19 Şubat 2020 Çarşamba

21. YÜZYILDA TÜRKİYENİN ENERJİ STRATEJİSİ. BÖLÜM 6

21. YÜZYILDA TÜRKİYENİN ENERJİ STRATEJİSİ. BÖLÜM 6





c) Nükleer Enerji

Türkiye’nin nükleer enerjiye olan ilgisinin onlarca yıllık geçmişi vardır. Nükleer enerjinin düşük yakıt maliyetleri, fosil yakıt fiyatlarındaki istikrarsızlığı kısmen dengeleyecek bir mekanizma olarak algılanmaktadır. Nükleer enerjinin, fosil dışı enerji kaynağı olarak enerji güvenliğini artıracağı da varsayılmaktadır.

Nükleer enerji, çevre kirliliğine neden olmayan enerji kaynağı olarak, iklim değişikliği değerlendirmeleri nedeniyle de destek görmektedir.
Tüm avantajlarına rağmen, nükleer enerjinin çok sayıda riski ve çok yüksek yatırım maliyetleri bulunmaktadır. Türkiye’nin nükleer enerjiye sahip olma arzusunun önündeki en büyük engelin, nükleer enerji yatırımlarının taşıdığı sayısız riskin yatırımcılar ile kamu arasında paylaşılmasındaki güçlük olduğu görülmüştür.
Yüksek ve değişken inşaat maliyetleri, inşaatların sık sık ertelenmesi, santralin uzun faaliyet ömrü sırasında çıkacak atık yönetimi sorunları, kamuoyunun nükleer emniyete yaklaşımındaki değişimlerden kaynaklanan siyasi ve mevzuatla
ilgili belirsizlikler, ömrünü tamamlayan santralin yüksek söküm maliyetleri gibi unsurların hepsi, yatırım başlamadan önce net biçimde ortaya konması ve sözleşmelere yansıtılması gereken maliyet ve risk unsurlarıdır.
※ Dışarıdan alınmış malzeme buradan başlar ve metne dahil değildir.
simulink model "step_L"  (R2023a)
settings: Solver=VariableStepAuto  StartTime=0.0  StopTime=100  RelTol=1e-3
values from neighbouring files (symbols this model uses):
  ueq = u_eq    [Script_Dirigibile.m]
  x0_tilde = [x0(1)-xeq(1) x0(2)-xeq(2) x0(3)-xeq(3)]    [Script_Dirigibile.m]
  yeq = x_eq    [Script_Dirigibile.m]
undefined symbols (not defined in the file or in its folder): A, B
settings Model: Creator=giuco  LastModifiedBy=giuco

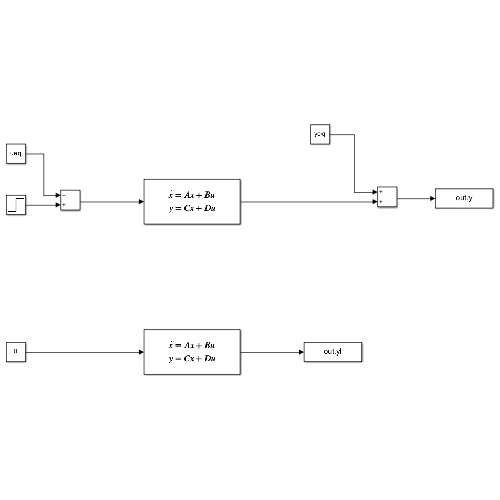
[thumbnail: Simulink's stored preview of the top-level diagram]
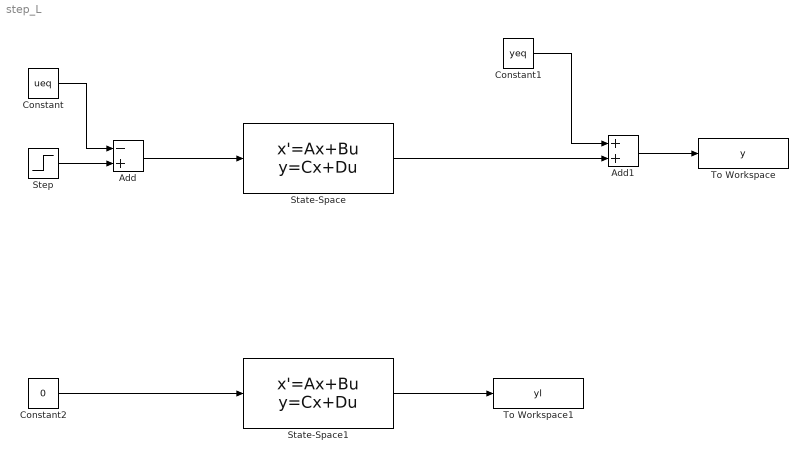
== system step_L ==
  Add : Sum  Inputs=-+
  Add1 : Sum
  Constant : Constant  Value=ueq
  Constant1 : Constant  Value=yeq
  Constant2 : Constant  Value=0
  State-Space : StateSpace  A=A  B=B  C=eye(3)  D=zeros(3,1)  InitialCondition=x0_tilde
  State-Space1 : StateSpace  A=A  B=B  C=eye(3)  D=zeros(3,1)  InitialCondition=x0_tilde
  Step : Step  Time=0  After=1500  SampleTime=0
  To Workspace : ToWorkspace  VariableName=y  SaveFormat=Timeseries  SampleTime=-1
  To Workspace1 : ToWorkspace  VariableName=yl  SaveFormat=Timeseries  SampleTime=-1
  wires:
  Step/1 -> Add/2
  Add/1 -> State-Space/1
  Constant/1 -> Add/1
  Add1/1 -> To Workspace/1
  State-Space/1 -> Add1/2
  Constant1/1 -> Add1/1
  Constant2/1 -> State-Space1/1
  State-Space1/1 -> To Workspace1/1
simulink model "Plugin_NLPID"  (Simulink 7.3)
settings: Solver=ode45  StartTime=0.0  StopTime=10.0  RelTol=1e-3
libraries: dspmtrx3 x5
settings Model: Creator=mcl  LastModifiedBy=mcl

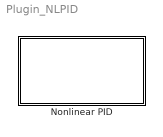
== system Plugin_NLPID ==
  Nonlinear PID : Subsystem

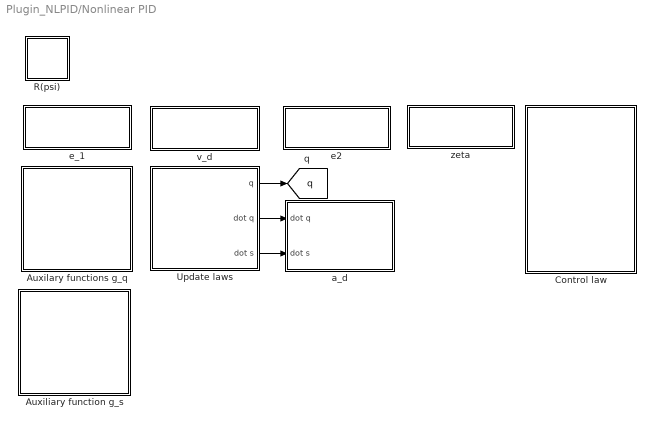
== system Plugin_NLPID/Nonlinear PID ==
  Auxilary functions g_q : Subsystem
  Auxiliary function g_s : Subsystem
  Control law : Subsystem
  R(psi) : Subsystem
  Update laws : Subsystem
  a_d : Subsystem
  e2 : Subsystem
  e_1 : Subsystem
  v_d : Subsystem
  zeta : Subsystem
  tag scope: q=global
  wires:
  Update laws/1(q) -> [q]
  Update laws/2(dot q) -> a_d/1(dot q)
  Update laws/3(dot s) -> a_d/2(dot s)

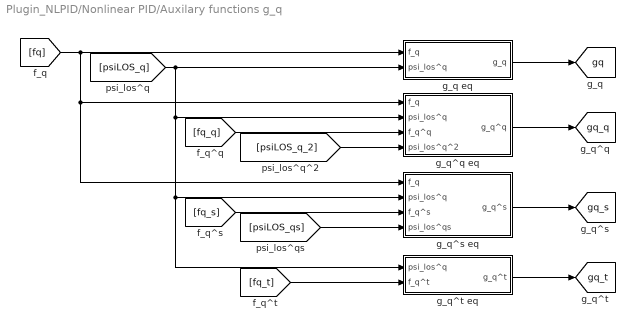
== system Plugin_NLPID/Nonlinear PID/Auxilary functions g_q ==
  g_q eq : Subsystem
  g_q^q eq : Subsystem
  g_q^s eq : Subsystem
  g_q^t eq : Subsystem
  tag scope: gq=global, gq_q=global, gq_s=global, gq_t=global
  wires:
  [fq_t] -> g_q^t eq/2(f_q^t)
  g_q^t eq/1(g_q^t) -> [gq_t]
  [psiLOS_qs] -> g_q^s eq/4(psi_los^qs)
  [fq_s] -> g_q^s eq/3(f_q^s)
  g_q^s eq/1(g_q^s) -> [gq_s]
  g_q^q eq/1(g_q^q) -> [gq_q]
  [psiLOS_q_2] -> g_q^q eq/4(psi_los^q^2)
  [fq_q] -> g_q^q eq/3(f_q^q)
  [fq] -> g_q^s eq/1(f_q), g_q^q eq/1(f_q), g_q eq/1(f_q)
  [psiLOS_q] -> g_q^t eq/1(psi_los^q), g_q^s eq/2(psi_los^q), g_q^q eq/2(psi_los^q), g_q eq/2(psi_los^q)
  g_q eq/1(g_q) -> [gq]

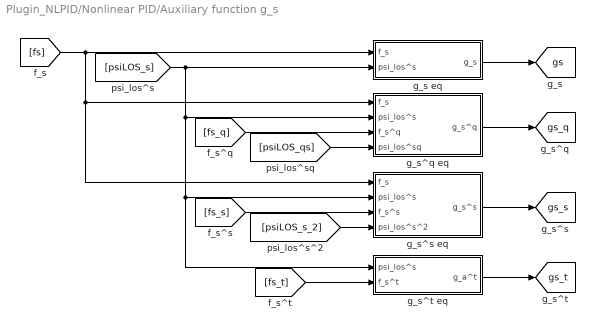
== system Plugin_NLPID/Nonlinear PID/Auxiliary function g_s ==
  g_s eq : Subsystem
  g_s^q eq : Subsystem
  g_s^s eq : Subsystem
  g_s^t eq : Subsystem
  tag scope: gs=global, gs_q=global, gs_s=global, gs_t=global
  wires:
  [fs_t] -> g_s^t eq/2(f_s^t)
  g_s^t eq/1(g_a^t) -> [gs_t]
  [psiLOS_s_2] -> g_s^s eq/4(psi_los^s^2)
  [fs_s] -> g_s^s eq/3(f_s^s)
  g_s^s eq/1(g_s^s) -> [gs_s]
  g_s^q eq/1(g_s^q) -> [gs_q]
  [psiLOS_qs] -> g_s^q eq/4(psi_los^sq)
  [fs_q] -> g_s^q eq/3(f_s^q)
  g_s eq/1(g_s) -> [gs]
  [psiLOS_s] -> g_s^t eq/1(psi_los^s), g_s^s eq/2(psi_los^s), g_s^q eq/2(psi_los^s), g_s eq/2(psi_los^s)
  [fs] -> g_s^s eq/1(f_s), g_s^q eq/1(f_s), g_s eq/1(f_s)

== system Plugin_NLPID/Nonlinear PID/Control law ==
  Product : Product  OutDataType=fixdt(1, 16)  OutScaling=2^0  RndMeth=Zero
  Product1 : Product  OutDataType=fixdt(1, 16)  OutScaling=2^0  RndMeth=Zero
  Sum : Sum  Inputs=+++  OutDataType=fixdt(1, 16)  OutScaling=2^-10
  tau_FF : Subsystem
  tau_FL : Subsystem
  tau_PID : Subsystem
  tag scope: ctrl2tau=global
  wires:
  Sum/1 -> [ctrl2tau]
  tau_PID/1(tau_PID) -> Sum/1
  [tauxscale] -> Product/1
  [tauyscale] -> Product1/1
  tau_FL/1(tau_FL) -> Product/2
  Product/1 -> Sum/2
  tau_FF/1(tau_FF) -> Product1/2
  Product1/1 -> Sum/3

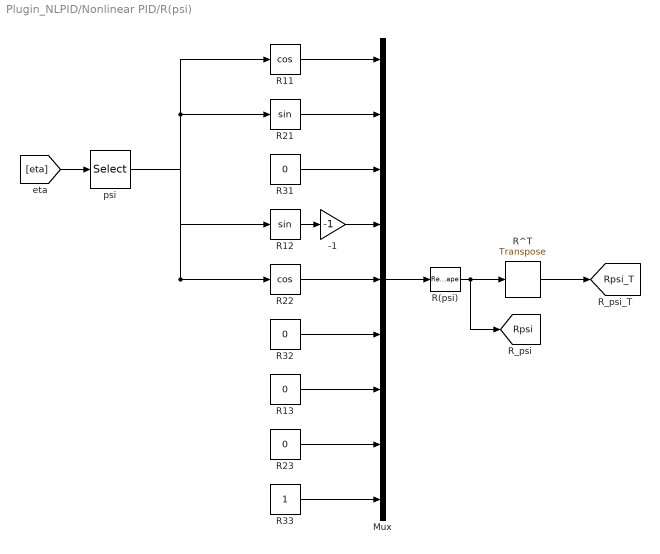
== system Plugin_NLPID/Nonlinear PID/R(psi) ==
  -1 : Gain  Gain=-1  ParameterDataType=fixdt(1, 16)  ParameterScaling=2^0  OutDataType=fixdt(1, 16)  OutScaling=2^0
  Mux : Mux  Inputs=9
  R(psi) : Reshape  OutputDimensionality=Customize  OutputDimensions=[3,3]
  R11 : Trigonometry  Operator=cos
  R12 : Trigonometry
  R{13,23,31..32} (4 alike) : Constant  Value=0
  R21 : Trigonometry
  R22 : Trigonometry  Operator=cos
  R33 : Constant
  R^T : dspmtrx3/Transpose  SystemSampleTime=-1  Hermitian=off  overflowFlag=off
  psi : Selector  InputPortWidth=3  IndexOptions=Index vector (dialog)  Indices=[3]  OutputSizes=1
  tag scope: Rpsi=global, Rpsi_T=global
  wires:
  R(psi)/1 -> [Rpsi], R^T/1
  Mux/1 -> R(psi)/1
  psi/1 -> R11/1, R21/1, R12/1, R22/1
  R11/1 -> Mux/1
  R21/1 -> Mux/2
  R31/1 -> Mux/3
  R12/1 -> -1/1
  R22/1 -> Mux/5
  R32/1 -> Mux/6
  R13/1 -> Mux/7
  R33/1 -> Mux/9
  R23/1 -> Mux/8
  -1/1 -> Mux/4
  [eta] -> psi/1
  R^T/1 -> [Rpsi_T]

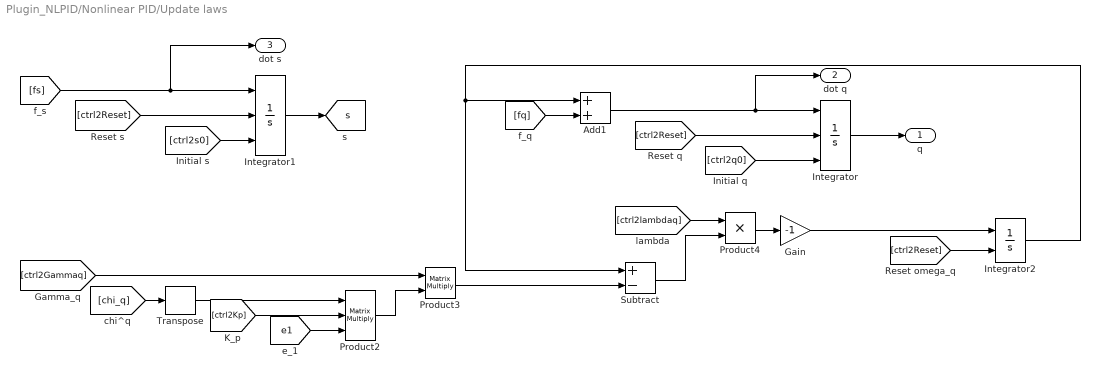
== system Plugin_NLPID/Nonlinear PID/Update laws ==
  Add1 : Sum  OutDataType=fixdt(1, 16)  OutScaling=2^-10
  Gain : Gain  Gain=-1  ParameterDataType=fixdt(1, 16)  ParameterScaling=2^0  OutDataType=fixdt(1, 16)  OutScaling=2^0
  Integrator : Integrator  ExternalReset=level  InitialConditionSource=external
  Integrator1 : Integrator  ExternalReset=level  InitialConditionSource=external  InitialCondition=250
  Integrator2 : Integrator  ExternalReset=level
  Product2 : Product  Inputs=3  Multiplication=Matrix(*)  OutDataType=fixdt(1, 16)  OutScaling=2^0  RndMeth=Zero
  Product3 : Product  Multiplication=Matrix(*)  OutDataType=fixdt(1, 16)  OutScaling=2^0  RndMeth=Zero
  Product4 : Product  OutDataType=fixdt(1, 16)  OutScaling=2^0  RndMeth=Zero
  Subtract : Sum  Inputs=+-  OutDataType=fixdt(1, 16)  OutScaling=2^-10
  Transpose : dspmtrx3/Transpose  SystemSampleTime=-1  Hermitian=off  overflowFlag=off
  q : Outport  PortDimensions=2
  dot q : Outport  Port=2  PortDimensions=2
  dot s : Outport  Port=3  PortDimensions=1
  tag scope: s=global
  wires:
  [chi_q] -> Transpose/1
  [e1] -> Product2/3
  Transpose/1 -> Product2/1
  [ctrl2Kp] -> Product2/2
  [ctrl2Gammaq] -> Product3/1
  Product3/1 -> Subtract/2
  Product2/1 -> Product3/2
  [fs] -> Integrator1/1, dot s/1
  Integrator1/1 -> [s]
  [ctrl2Reset] -> Integrator1/2
  [ctrl2s0] -> Integrator1/3
  [fq] -> Add1/2
  Add1/1 -> Integrator/1, dot q/1
  [ctrl2lambdaq] -> Product4/1
  Subtract/1 -> Product4/2
  Product4/1 -> Gain/1
  Gain/1 -> Integrator2/1
  Integrator/1 -> q/1
  Integrator2/1 -> Add1/1, Subtract/1
  [ctrl2Reset] -> Integrator/2
  [ctrl2q0] -> Integrator/3
  [ctrl2Reset] -> Integrator2/2

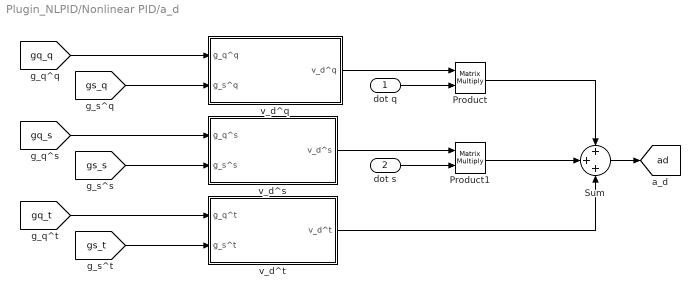
== system Plugin_NLPID/Nonlinear PID/a_d ==
  dot q : Inport
  dot s : Inport  Port=2
  Product : Product  Multiplication=Matrix(*)  OutDataType=fixdt(1, 16)  OutScaling=2^0  RndMeth=Zero
  Product1 : Product  Multiplication=Matrix(*)  OutDataType=fixdt(1, 16)  OutScaling=2^0  RndMeth=Zero
  Sum : Sum  Inputs=+++  OutDataType=fixdt(1, 16)  OutScaling=2^-10
  v_d^q : Subsystem
  v_d^s : Subsystem
  v_d^t : Subsystem
  tag scope: ad=global
  wires:
  v_d^q/1(v_d^q) -> Product/1
  dot q/1 -> Product/2
  Product/1 -> Sum/1
  v_d^s/1(v_d^s) -> Product1/1
  dot s/1 -> Product1/2
  Product1/1 -> Sum/2
  v_d^t/1(v_d^t) -> Sum/3
  Sum/1 -> [ad]
  [gq_q] -> v_d^q/1(g_q^q)
  [gs_q] -> v_d^q/2(g_s^q)
  [gq_s] -> v_d^s/1(g_q^s)
  [gs_s] -> v_d^s/2(g_s^s)
  [gq_t] -> v_d^t/1(g_q^t)
  [gs_t] -> v_d^t/2(g_s^t)

== system Plugin_NLPID/Nonlinear PID/e2 ==
  Product : Product  Multiplication=Matrix(*)  OutDataType=fixdt(1, 16)  OutScaling=2^0  RndMeth=Zero
  Subtract : Sum  Inputs=+-  OutDataType=fixdt(1, 16)  OutScaling=2^-10
  tag scope: e2=global
  wires:
  [nu] -> Subtract/1
  Product/1 -> Subtract/2
  [Rpsi_T] -> Product/1
  [vd] -> Product/2
  Subtract/1 -> [e2]

== system Plugin_NLPID/Nonlinear PID/e_1 ==
  Heading to -pi/pi : Subsystem
  Heading to -pi/pi1 : Subsystem
  Subtract : Sum  Inputs=+-  OutDataType=fixdt(1, 16)  OutScaling=2^-10
  tag scope: e1=global
  wires:
  Subtract/1 -> Heading to -pi/pi1/1(eta rad)
  [eta] -> Heading to -pi/pi/1(eta rad)
  Heading to -pi/pi/1(eta -pi/pi) -> Subtract/1
  Heading to -pi/pi1/1(eta -pi/pi) -> [e1]
  [chi] -> Subtract/2

== system Plugin_NLPID/Nonlinear PID/v_d ==
  Add : Sum  OutDataType=fixdt(1, 16)  OutScaling=2^-10
  tag scope: vd=global
  wires:
  [gq] -> Add/1
  [gs] -> Add/2
  Add/1 -> [vd]

== system Plugin_NLPID/Nonlinear PID/zeta ==
  Integrator : Integrator  ExternalReset=level  InitialCondition=[0 0 0]'
  Product : Product  Multiplication=Matrix(*)  OutDataType=fixdt(1, 16)  OutScaling=2^0  RndMeth=Zero
  tag scope: zeta=global
  wires:
  [ctrl2Reset] -> Integrator/2
  Product/1 -> Integrator/1
  Integrator/1 -> [zeta]
  [e2] -> Product/2
  [Rpsi] -> Product/1

== system Plugin_NLPID/Nonlinear PID/Auxilary functions g_q/g_q eq ==
  f_q : Inport
  psi_los^q : Inport  Port=2
  Product : Product  Multiplication=Matrix(*)  OutDataType=fixdt(1, 16)  OutScaling=2^0  RndMeth=Zero
  Vector Concatenate : Concatenate  Mode=Vector
  g_q : Outport
  wires:
  Product/1 -> Vector Concatenate/2
  psi_los^q/1 -> Product/1
  f_q/1 -> Product/2, Vector Concatenate/1
  Vector Concatenate/1 -> g_q/1

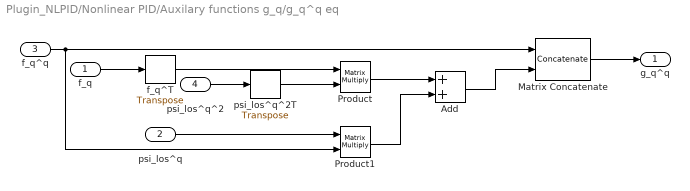
== system Plugin_NLPID/Nonlinear PID/Auxilary functions g_q/g_q^q eq ==
  f_q : Inport
  psi_los^q : Inport  Port=2
  f_q^q : Inport  Port=3
  psi_los^q^2 : Inport  Port=4
  Add : Sum  OutDataType=fixdt(1, 16)  OutScaling=2^-10
  Matrix Concatenate : Concatenate  Mode=Multidimensional array
  Product : Product  Multiplication=Matrix(*)  OutDataType=fixdt(1, 16)  OutScaling=2^0  RndMeth=Zero
  Product1 : Product  Multiplication=Matrix(*)  OutDataType=fixdt(1, 16)  OutScaling=2^0  RndMeth=Zero
  f_q^T : dspmtrx3/Transpose  SystemSampleTime=-1  Hermitian=off  overflowFlag=off
  psi_los^q^2T : dspmtrx3/Transpose  SystemSampleTime=-1  Hermitian=off  overflowFlag=off
  g_q^q : Outport
  wires:
  psi_los^q^2T/1 -> Product/2
  Product1/1 -> Add/2
  psi_los^q/1 -> Product1/1
  Product/1 -> Add/1
  psi_los^q^2/1 -> psi_los^q^2T/1
  f_q^T/1 -> Product/1
  f_q/1 -> f_q^T/1
  Add/1 -> Matrix Concatenate/2
  Matrix Concatenate/1 -> g_q^q/1
  f_q^q/1 -> Product1/2, Matrix Concatenate/1

== system Plugin_NLPID/Nonlinear PID/Auxilary functions g_q/g_q^s eq ==
  f_q : Inport
  psi_los^q : Inport  Port=2
  f_q^s : Inport  Port=3
  psi_los^qs : Inport  Port=4
  Add : Sum  OutDataType=fixdt(1, 16)  OutScaling=2^-10
  Product : Product  Multiplication=Matrix(*)  OutDataType=fixdt(1, 16)  OutScaling=2^0  RndMeth=Zero
  Product1 : Product  Multiplication=Matrix(*)  OutDataType=fixdt(1, 16)  OutScaling=2^0  RndMeth=Zero
  Vector Concatenate : Concatenate  Mode=Vector
  g_q^s : Outport
  wires:
  f_q/1 -> Product/2
  psi_los^qs/1 -> Product/1
  Product1/1 -> Add/2
  psi_los^q/1 -> Product1/1
  Product/1 -> Add/1
  Add/1 -> Vector Concatenate/2
  Vector Concatenate/1 -> g_q^s/1
  f_q^s/1 -> Product1/2, Vector Concatenate/1

== system Plugin_NLPID/Nonlinear PID/Auxilary functions g_q/g_q^t eq ==
  psi_los^q : Inport
  f_q^t : Inport  Port=2
  Product1 : Product  Multiplication=Matrix(*)  OutDataType=fixdt(1, 16)  OutScaling=2^0  RndMeth=Zero
  Vector Concatenate : Concatenate  Mode=Vector
  g_q^t : Outport
  wires:
  psi_los^q/1 -> Product1/1
  Product1/1 -> Vector Concatenate/2
  Vector Concatenate/1 -> g_q^t/1
  f_q^t/1 -> Product1/2, Vector Concatenate/1

== system Plugin_NLPID/Nonlinear PID/Auxiliary function g_s/g_s eq ==
  f_s : Inport
  psi_los^s : Inport  Port=2
  0_2x1 : Constant  Value=[0;0]  VectorParams1D=off  OutDataType=fixdt(1, 16)  OutScaling=2^0
  Product : Product  Multiplication=Matrix(*)  OutDataType=fixdt(1, 16)  OutScaling=2^0  RndMeth=Zero
  Vector Concatenate : Concatenate  Mode=Vector
  g_s : Outport
  wires:
  0_2x1/1 -> Vector Concatenate/1
  Product/1 -> Vector Concatenate/2
  psi_los^s/1 -> Product/1
  f_s/1 -> Product/2
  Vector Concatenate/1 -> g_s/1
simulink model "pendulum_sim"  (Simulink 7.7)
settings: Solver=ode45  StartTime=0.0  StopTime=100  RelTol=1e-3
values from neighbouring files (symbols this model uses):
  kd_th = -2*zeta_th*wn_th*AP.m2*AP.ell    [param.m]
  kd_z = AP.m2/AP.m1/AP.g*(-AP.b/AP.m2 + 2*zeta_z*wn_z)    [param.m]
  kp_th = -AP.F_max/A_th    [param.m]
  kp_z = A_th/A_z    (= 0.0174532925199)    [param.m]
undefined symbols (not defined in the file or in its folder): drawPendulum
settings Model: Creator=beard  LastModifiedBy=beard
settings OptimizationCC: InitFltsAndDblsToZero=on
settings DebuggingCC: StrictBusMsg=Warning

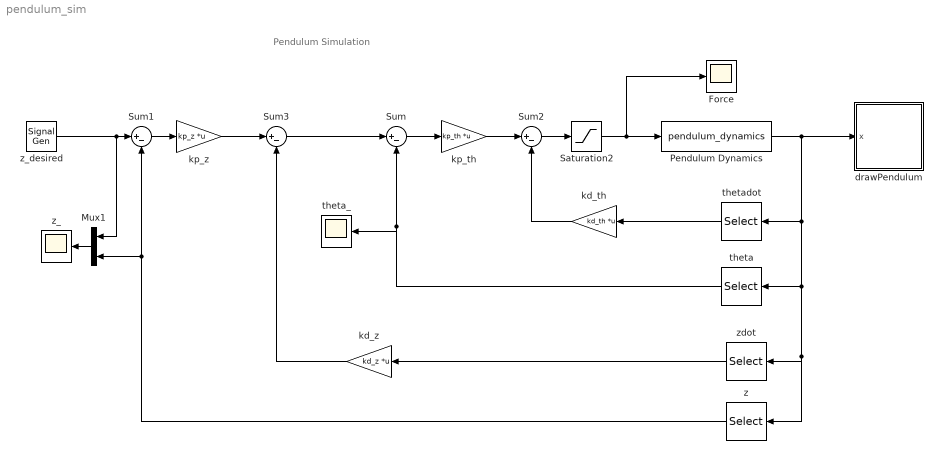
== system pendulum_sim ==
  note: Pendulum Simulation
  Force : Scope
      settings: TimeRange=100  YMin=-6  YMax=10
  Mux1 : Mux  Inputs=2
  Pendulum Dynamics : S-Function  FunctionName=pendulum_dynamics  Parameters=AP  EnableBusSupport=off
  Saturation2 : Saturate  UpperLimit=5  LowerLimit=-5
  Sum{,1..3} (4 alike) : Sum  Inputs=|+-
  drawPendulum : Subsystem
      mask init:
      | % drawing parameters
      | L = 1;
      | gap = 0.01;
      | width = 1.0;
      | height = 0.1;
      mask Display: image(imread('tv.jpg'))
  kd_th : Gain  Gain=kd_th  Multiplication=Matrix(K*u)
  kd_z : Gain  Gain=kd_z  Multiplication=Matrix(K*u)
  kp_th : Gain  Gain=kp_th  Multiplication=Matrix(K*u)
  kp_z : Gain  Gain=kp_z  Multiplication=Matrix(K*u)
  theta : Selector  InputPortWidth=4  IndexOptions=Index vector (dialog)  Indices=[2]  OutputSizes=1
  theta_ : Scope
      settings: TimeRange=100  YMin=-0.2  YMax=0.2
  thetadot : Selector  InputPortWidth=4  IndexOptions=Index vector (dialog)  Indices=[4]  OutputSizes=1
  z : Selector  InputPortWidth=4  IndexOptions=Index vector (dialog)  Indices=[1]  OutputSizes=1
  z_ : Scope
      settings: TimeRange=100  YMin=-2  YMax=2  SaveName=ScopeData2
  z_desired : SignalGenerator  WaveForm=square  Frequency=.02
  zdot : Selector  InputPortWidth=4  IndexOptions=Index vector (dialog)  Indices=[3]  OutputSizes=1
  wires:
  Pendulum Dynamics/1 -> drawPendulum/1(x), theta/1, z/1, zdot/1, thetadot/1
  Sum2/1 -> Saturation2/1
  Sum/1 -> kp_th/1
  theta/1 -> Sum/2, theta_/1
  z/1 -> Sum1/2, Mux1/2
  z_desired/1 -> Sum1/1, Mux1/1
  Mux1/1 -> z_/1
  thetadot/1 -> kd_th/1
  Sum1/1 -> kp_z/1
  kp_z/1 -> Sum3/1
  zdot/1 -> kd_z/1
  kd_z/1 -> Sum3/2
  Sum3/1 -> Sum/1
  kd_th/1 -> Sum2/2
  kp_th/1 -> Sum2/1
  Saturation2/1 -> Pendulum Dynamics/1, Force/1

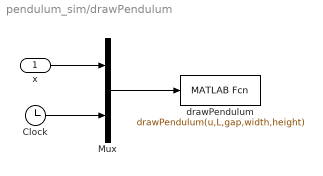
== system pendulum_sim/drawPendulum ==
  x : Inport
  Clock : Clock
      settings: Decimation=10
  Mux : Mux  Inputs=2
  drawPendulum : MATLABFcn  MATLABFcn=drawPendulum(u,L,gap,width,height)  OutputDimensions=0  SampleTime=0.1
  wires:
  Mux/1 -> drawPendulum/1
  x/1 -> Mux/1
  Clock/1 -> Mux/2

Yakın zamana kadar, Türkiye’nin bu karmaşık ticari sorunu çözme girişimleri başarısızlıkla sonuçlanmıştır. Kısa bir süre önce Akkuyu Santrali için Rusya Federasyonu’yla yapılan anlaşmada, aynı zamanda işletmeci de olmayı kabul eden yatırımcının tüm riskleri üstlenmesini öngören sıra dışı koşullar olduğu görülmüştür. Devletlerarası bir anlaşmaya dayanan bu sıra dışı model, kaçınılmaz olarak ticari kaygılar ile siyasi çıkarların birlikte değerlendirilmesi sonucunda şekillenmiştir.


TESPİT 8 

Nükleer enerji projesinin, Türkiye’ye teknoloji transferi için bir fırsat sunabileceği düşünülebilir. Ancak karmaşık ve gizli yüksek teknoloji yoğunluklu bir işbirliği alanı olduğu dikkate alınmalıdır.
Önümüzdeki dönemde, ifade edilen teknoloji transferi niyetinin gerçeğe dönüşmesi karşılıklı etkin ve sürekli çaba harcanmasını gerektirecektir.


III- FOSİL YAKIT PİYASALARI VE “PİYASA DİNAMİKLERİNDE YAPISAL KIRILMA”


a) Fosil Yakıtlarda Genel Resim

Fosil yakıtlar orta vadede küresel enerji arzına hakim olmaya devam edecektir. Diğer enerji kaynaklarına zamanlama belirsizliği taşıyan geçiş ise, özünde teknoloji politikaları sorunudur. Diğer enerji kaynakları aşağıdaki bölümlerde ayrıca ele alınacağı için bu bölümde sadece fosil yakıtlar değerlendirilecektir.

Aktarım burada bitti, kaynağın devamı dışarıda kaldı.